- _INSTRUCTIONS TO FOLLOW_:
Word for word, restate the records that come next, omitting the images.

- _RAW DATA_:

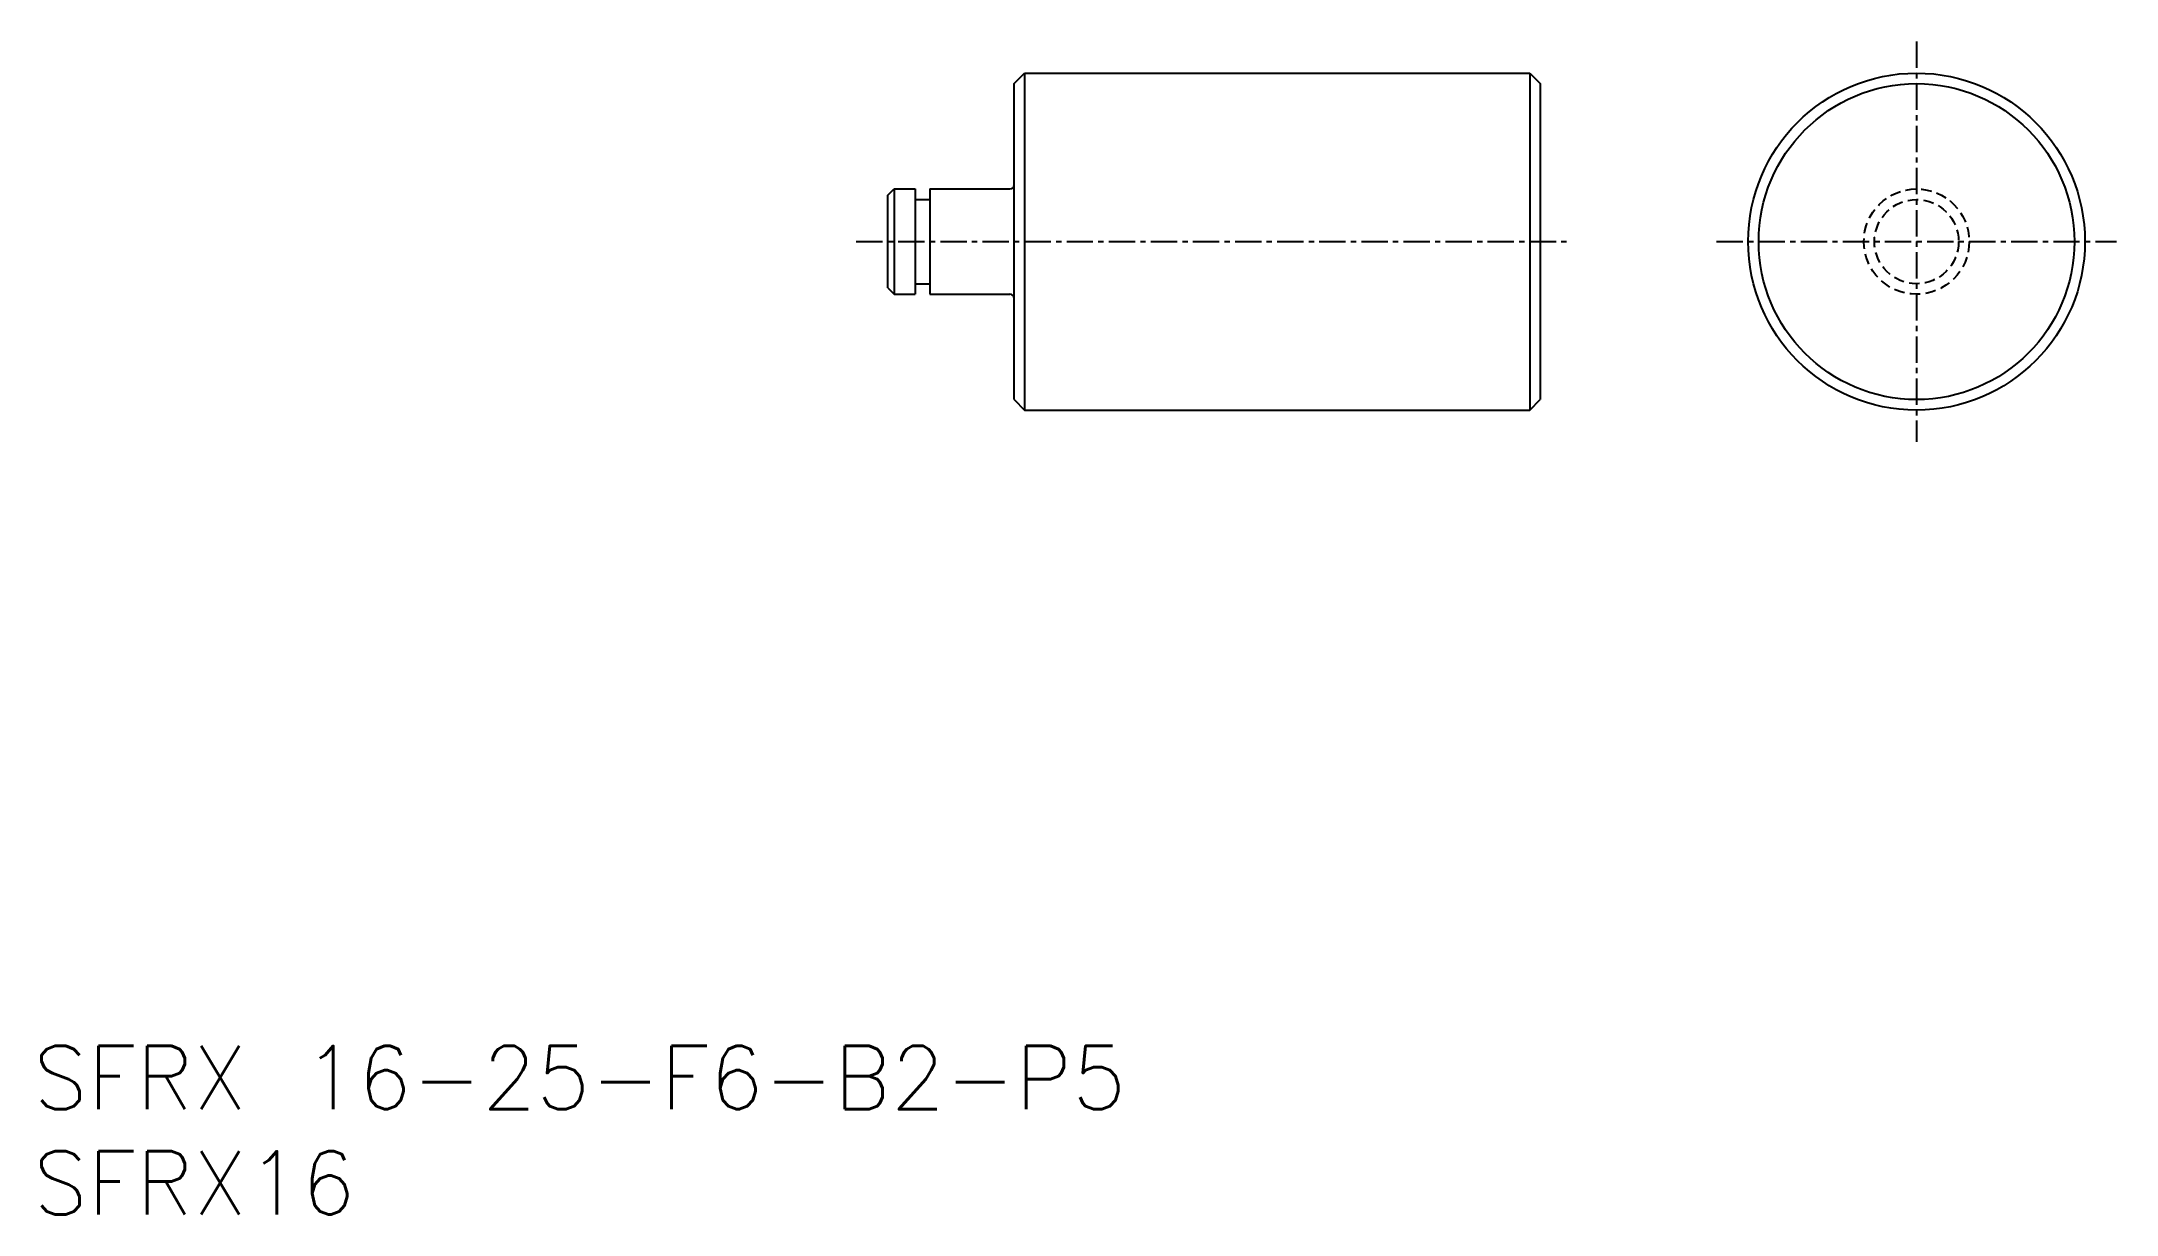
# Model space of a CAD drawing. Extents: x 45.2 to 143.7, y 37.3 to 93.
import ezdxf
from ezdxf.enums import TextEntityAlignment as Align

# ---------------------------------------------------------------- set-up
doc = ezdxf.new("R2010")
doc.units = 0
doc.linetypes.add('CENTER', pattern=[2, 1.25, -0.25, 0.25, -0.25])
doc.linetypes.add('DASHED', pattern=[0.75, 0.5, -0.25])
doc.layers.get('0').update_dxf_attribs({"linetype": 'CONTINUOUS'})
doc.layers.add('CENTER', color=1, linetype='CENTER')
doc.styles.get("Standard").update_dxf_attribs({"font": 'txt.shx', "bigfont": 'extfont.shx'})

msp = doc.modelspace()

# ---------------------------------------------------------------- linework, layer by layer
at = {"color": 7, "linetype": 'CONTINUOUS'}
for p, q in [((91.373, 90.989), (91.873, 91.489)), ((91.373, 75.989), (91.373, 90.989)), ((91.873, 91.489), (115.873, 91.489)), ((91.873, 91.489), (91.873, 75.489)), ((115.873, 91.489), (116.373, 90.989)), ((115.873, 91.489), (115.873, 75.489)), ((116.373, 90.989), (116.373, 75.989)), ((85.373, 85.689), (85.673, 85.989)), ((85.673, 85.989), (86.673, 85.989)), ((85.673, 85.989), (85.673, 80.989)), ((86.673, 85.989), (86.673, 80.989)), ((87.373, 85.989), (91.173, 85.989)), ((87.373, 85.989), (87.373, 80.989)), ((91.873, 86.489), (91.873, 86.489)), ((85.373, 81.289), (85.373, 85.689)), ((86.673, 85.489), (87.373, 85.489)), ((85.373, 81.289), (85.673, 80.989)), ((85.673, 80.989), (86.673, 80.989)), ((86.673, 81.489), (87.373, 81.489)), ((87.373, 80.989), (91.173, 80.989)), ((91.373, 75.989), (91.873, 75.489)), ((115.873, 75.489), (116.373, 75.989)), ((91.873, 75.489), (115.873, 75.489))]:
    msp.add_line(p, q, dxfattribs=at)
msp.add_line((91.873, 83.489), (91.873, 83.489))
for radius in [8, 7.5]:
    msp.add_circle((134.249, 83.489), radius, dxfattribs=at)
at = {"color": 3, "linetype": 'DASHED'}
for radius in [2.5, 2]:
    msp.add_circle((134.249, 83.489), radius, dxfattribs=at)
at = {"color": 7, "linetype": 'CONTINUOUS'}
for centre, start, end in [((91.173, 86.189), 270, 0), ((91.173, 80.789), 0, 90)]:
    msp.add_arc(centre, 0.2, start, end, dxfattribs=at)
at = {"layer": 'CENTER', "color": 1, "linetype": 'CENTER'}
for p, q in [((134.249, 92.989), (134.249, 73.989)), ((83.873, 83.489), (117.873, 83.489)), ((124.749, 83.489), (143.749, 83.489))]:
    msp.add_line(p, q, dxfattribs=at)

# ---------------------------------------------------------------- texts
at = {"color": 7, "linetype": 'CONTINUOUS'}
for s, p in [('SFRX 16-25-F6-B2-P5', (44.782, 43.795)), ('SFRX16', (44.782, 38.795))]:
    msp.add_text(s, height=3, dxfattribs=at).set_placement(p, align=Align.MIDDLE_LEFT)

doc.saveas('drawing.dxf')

- _RESULT_:
# Model space of a CAD drawing. Extents: x 45.2 to 143.7, y 37.3 to 93.
import ezdxf
from ezdxf.enums import TextEntityAlignment as Align

# ---------------------------------------------------------------- set-up
doc = ezdxf.new("R2010")
doc.units = 0
doc.linetypes.add('CENTER', pattern=[2, 1.25, -0.25, 0.25, -0.25])
doc.linetypes.add('DASHED', pattern=[0.75, 0.5, -0.25])
doc.layers.get('0').update_dxf_attribs({"linetype": 'CONTINUOUS'})
doc.layers.add('CENTER', color=1, linetype='CENTER')
doc.styles.get("Standard").update_dxf_attribs({"font": 'txt.shx', "bigfont": 'extfont.shx'})

msp = doc.modelspace()

# ---------------------------------------------------------------- linework, layer by layer
at = {"color": 7, "linetype": 'CONTINUOUS'}
for p, q in [((91.373, 90.989), (91.873, 91.489)), ((91.373, 75.989), (91.373, 90.989)), ((91.873, 91.489), (115.873, 91.489)), ((91.873, 91.489), (91.873, 75.489)), ((115.873, 91.489), (116.373, 90.989)), ((115.873, 91.489), (115.873, 75.489)), ((116.373, 90.989), (116.373, 75.989)), ((85.373, 85.689), (85.673, 85.989)), ((85.673, 85.989), (86.673, 85.989)), ((85.673, 85.989), (85.673, 80.989)), ((86.673, 85.989), (86.673, 80.989)), ((87.373, 85.989), (91.173, 85.989)), ((87.373, 85.989), (87.373, 80.989)), ((91.873, 86.489), (91.873, 86.489)), ((85.373, 81.289), (85.373, 85.689)), ((86.673, 85.489), (87.373, 85.489)), ((85.373, 81.289), (85.673, 80.989)), ((85.673, 80.989), (86.673, 80.989)), ((86.673, 81.489), (87.373, 81.489)), ((87.373, 80.989), (91.173, 80.989)), ((91.373, 75.989), (91.873, 75.489)), ((115.873, 75.489), (116.373, 75.989)), ((91.873, 75.489), (115.873, 75.489))]:
    msp.add_line(p, q, dxfattribs=at)
msp.add_line((91.873, 83.489), (91.873, 83.489))
for radius in [8, 7.5]:
    msp.add_circle((134.249, 83.489), radius, dxfattribs=at)
at = {"color": 3, "linetype": 'DASHED'}
for radius in [2.5, 2]:
    msp.add_circle((134.249, 83.489), radius, dxfattribs=at)
at = {"color": 7, "linetype": 'CONTINUOUS'}
for centre, start, end in [((91.173, 86.189), 270, 0), ((91.173, 80.789), 0, 90)]:
    msp.add_arc(centre, 0.2, start, end, dxfattribs=at)
at = {"layer": 'CENTER', "color": 1, "linetype": 'CENTER'}
for p, q in [((134.249, 92.989), (134.249, 73.989)), ((83.873, 83.489), (117.873, 83.489)), ((124.749, 83.489), (143.749, 83.489))]:
    msp.add_line(p, q, dxfattribs=at)

# ---------------------------------------------------------------- texts
at = {"color": 7, "linetype": 'CONTINUOUS'}
for s, p in [('SFRX 16-25-F6-B2-P5', (44.782, 43.795)), ('SFRX16', (44.782, 38.795))]:
    msp.add_text(s, height=3, dxfattribs=at).set_placement(p, align=Align.MIDDLE_LEFT)

doc.saveas('drawing.dxf')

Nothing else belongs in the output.